Items from a data source
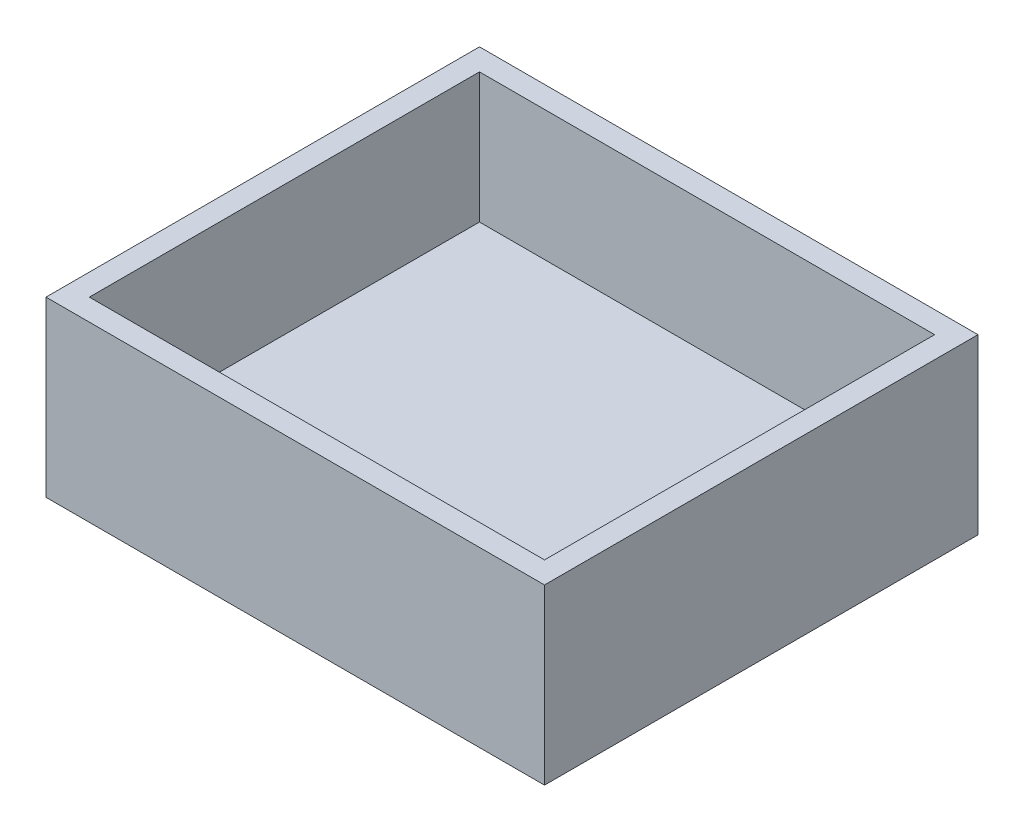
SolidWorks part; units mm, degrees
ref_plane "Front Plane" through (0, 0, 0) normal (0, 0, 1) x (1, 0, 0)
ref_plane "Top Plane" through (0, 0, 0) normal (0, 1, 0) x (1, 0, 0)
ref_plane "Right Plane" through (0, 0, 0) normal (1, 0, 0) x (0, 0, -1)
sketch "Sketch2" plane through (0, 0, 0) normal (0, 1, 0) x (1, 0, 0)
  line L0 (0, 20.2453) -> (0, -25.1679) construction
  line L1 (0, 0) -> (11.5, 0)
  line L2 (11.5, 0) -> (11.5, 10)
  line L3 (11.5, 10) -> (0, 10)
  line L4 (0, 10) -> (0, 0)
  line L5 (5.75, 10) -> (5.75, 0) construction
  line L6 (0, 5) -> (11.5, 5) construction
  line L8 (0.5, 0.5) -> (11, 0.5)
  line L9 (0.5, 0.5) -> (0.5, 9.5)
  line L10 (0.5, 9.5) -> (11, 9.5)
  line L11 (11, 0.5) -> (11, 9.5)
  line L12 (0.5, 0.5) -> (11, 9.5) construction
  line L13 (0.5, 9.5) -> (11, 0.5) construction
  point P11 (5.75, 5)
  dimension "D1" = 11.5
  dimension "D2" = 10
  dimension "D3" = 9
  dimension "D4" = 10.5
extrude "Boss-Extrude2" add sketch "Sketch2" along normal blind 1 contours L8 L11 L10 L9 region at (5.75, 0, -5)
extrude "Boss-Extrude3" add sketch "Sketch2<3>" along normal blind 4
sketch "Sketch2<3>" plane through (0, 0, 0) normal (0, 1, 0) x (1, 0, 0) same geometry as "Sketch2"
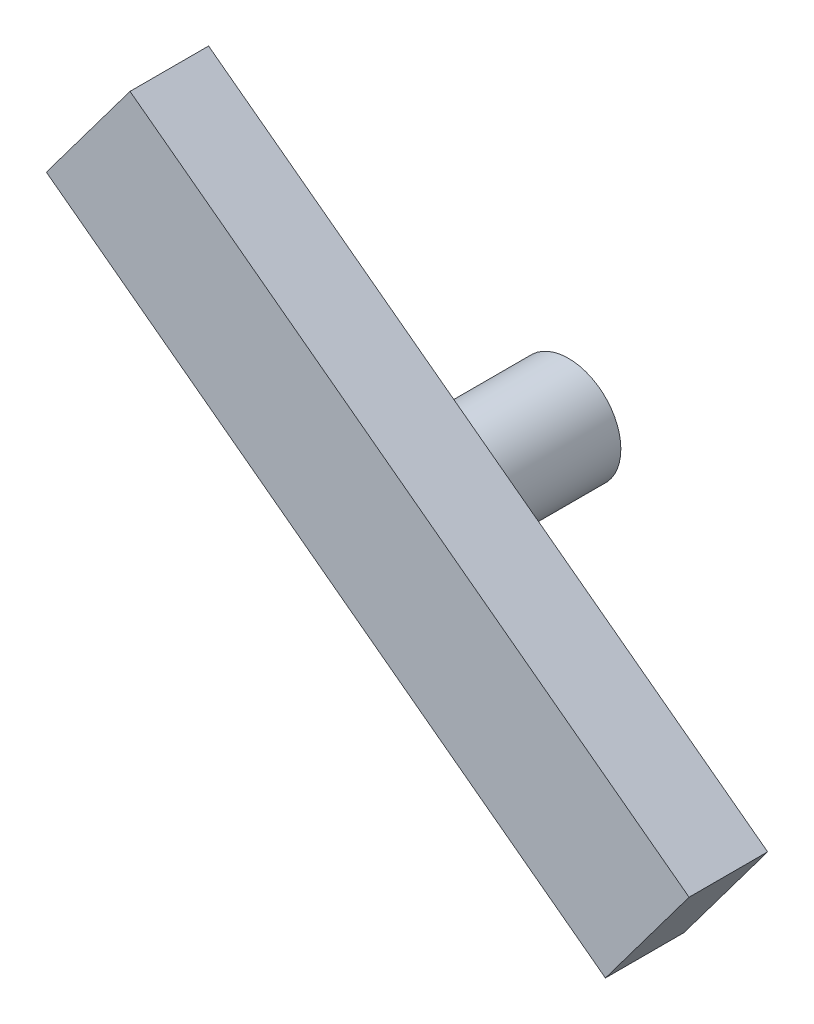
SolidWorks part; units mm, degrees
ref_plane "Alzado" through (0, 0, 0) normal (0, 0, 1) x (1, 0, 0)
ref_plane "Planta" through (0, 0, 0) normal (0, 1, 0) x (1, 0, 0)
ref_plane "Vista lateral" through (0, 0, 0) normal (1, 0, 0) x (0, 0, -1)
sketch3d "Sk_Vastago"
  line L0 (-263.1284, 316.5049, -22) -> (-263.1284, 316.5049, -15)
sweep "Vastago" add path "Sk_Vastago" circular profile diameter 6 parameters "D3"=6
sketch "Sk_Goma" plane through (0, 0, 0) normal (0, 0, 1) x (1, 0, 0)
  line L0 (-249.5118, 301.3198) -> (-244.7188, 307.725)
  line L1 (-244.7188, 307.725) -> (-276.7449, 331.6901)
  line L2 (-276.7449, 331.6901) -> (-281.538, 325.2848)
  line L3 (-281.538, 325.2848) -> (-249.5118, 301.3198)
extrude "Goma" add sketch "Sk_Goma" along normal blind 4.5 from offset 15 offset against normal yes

> [Task requirements]: Set down the records again exactly as they appear, leaving each picture behind.

> [Solution]:
SolidWorks part; units mm, degrees
ref_plane "Front Plane" through (0, 0, 0) normal (0, 0, 1) x (1, 0, 0)
ref_plane "Top Plane" through (0, 0, 0) normal (0, 1, 0) x (1, 0, 0)
ref_plane "Right Plane" through (0, 0, 0) normal (1, 0, 0) x (0, 0, -1)
sketch "Sketch2" plane through (0, 0, 0) normal (0, 1, 0) x (1, 0, 0)
  line L0 (0, 20.2453) -> (0, -25.1679) construction
  line L1 (0, 0) -> (11.5, 0)
  line L2 (11.5, 0) -> (11.5, 10)
  line L3 (11.5, 10) -> (0, 10)
  line L4 (0, 10) -> (0, 0)
  line L5 (5.75, 10) -> (5.75, 0) construction
  line L6 (0, 5) -> (11.5, 5) construction
  line L8 (0.5, 0.5) -> (11, 0.5)
  line L9 (0.5, 0.5) -> (0.5, 9.5)
  line L10 (0.5, 9.5) -> (11, 9.5)
  line L11 (11, 0.5) -> (11, 9.5)
  line L12 (0.5, 0.5) -> (11, 9.5) construction
  line L13 (0.5, 9.5) -> (11, 0.5) construction
  point P11 (5.75, 5)
  dimension "D1" = 11.5
  dimension "D2" = 10
  dimension "D3" = 9
  dimension "D4" = 10.5
extrude "Boss-Extrude2" add sketch "Sketch2" along normal blind 1 contours L8 L11 L10 L9 region at (5.75, 0, -5)
extrude "Boss-Extrude3" add sketch "Sketch2<3>" along normal blind 4
sketch "Sketch2<3>" plane through (0, 0, 0) normal (0, 1, 0) x (1, 0, 0) same geometry as "Sketch2"
SolidWorks part; units mm, degrees
ref_plane "Alzado" through (0, 0, 0) normal (0, 0, 1) x (1, 0, 0)
ref_plane "Planta" through (0, 0, 0) normal (0, 1, 0) x (1, 0, 0)
ref_plane "Vista lateral" through (0, 0, 0) normal (1, 0, 0) x (0, 0, -1)
sketch3d "Sk_Vastago"
  line L0 (-263.1284, 316.5049, -22) -> (-263.1284, 316.5049, -15)
sweep "Vastago" add path "Sk_Vastago" circular profile diameter 6 parameters "D3"=6
sketch "Sk_Goma" plane through (0, 0, 0) normal (0, 0, 1) x (1, 0, 0)
  line L0 (-249.5118, 301.3198) -> (-244.7188, 307.725)
  line L1 (-244.7188, 307.725) -> (-276.7449, 331.6901)
  line L2 (-276.7449, 331.6901) -> (-281.538, 325.2848)
  line L3 (-281.538, 325.2848) -> (-249.5118, 301.3198)
extrude "Goma" add sketch "Sk_Goma" along normal blind 4.5 from offset 15 offset against normal yes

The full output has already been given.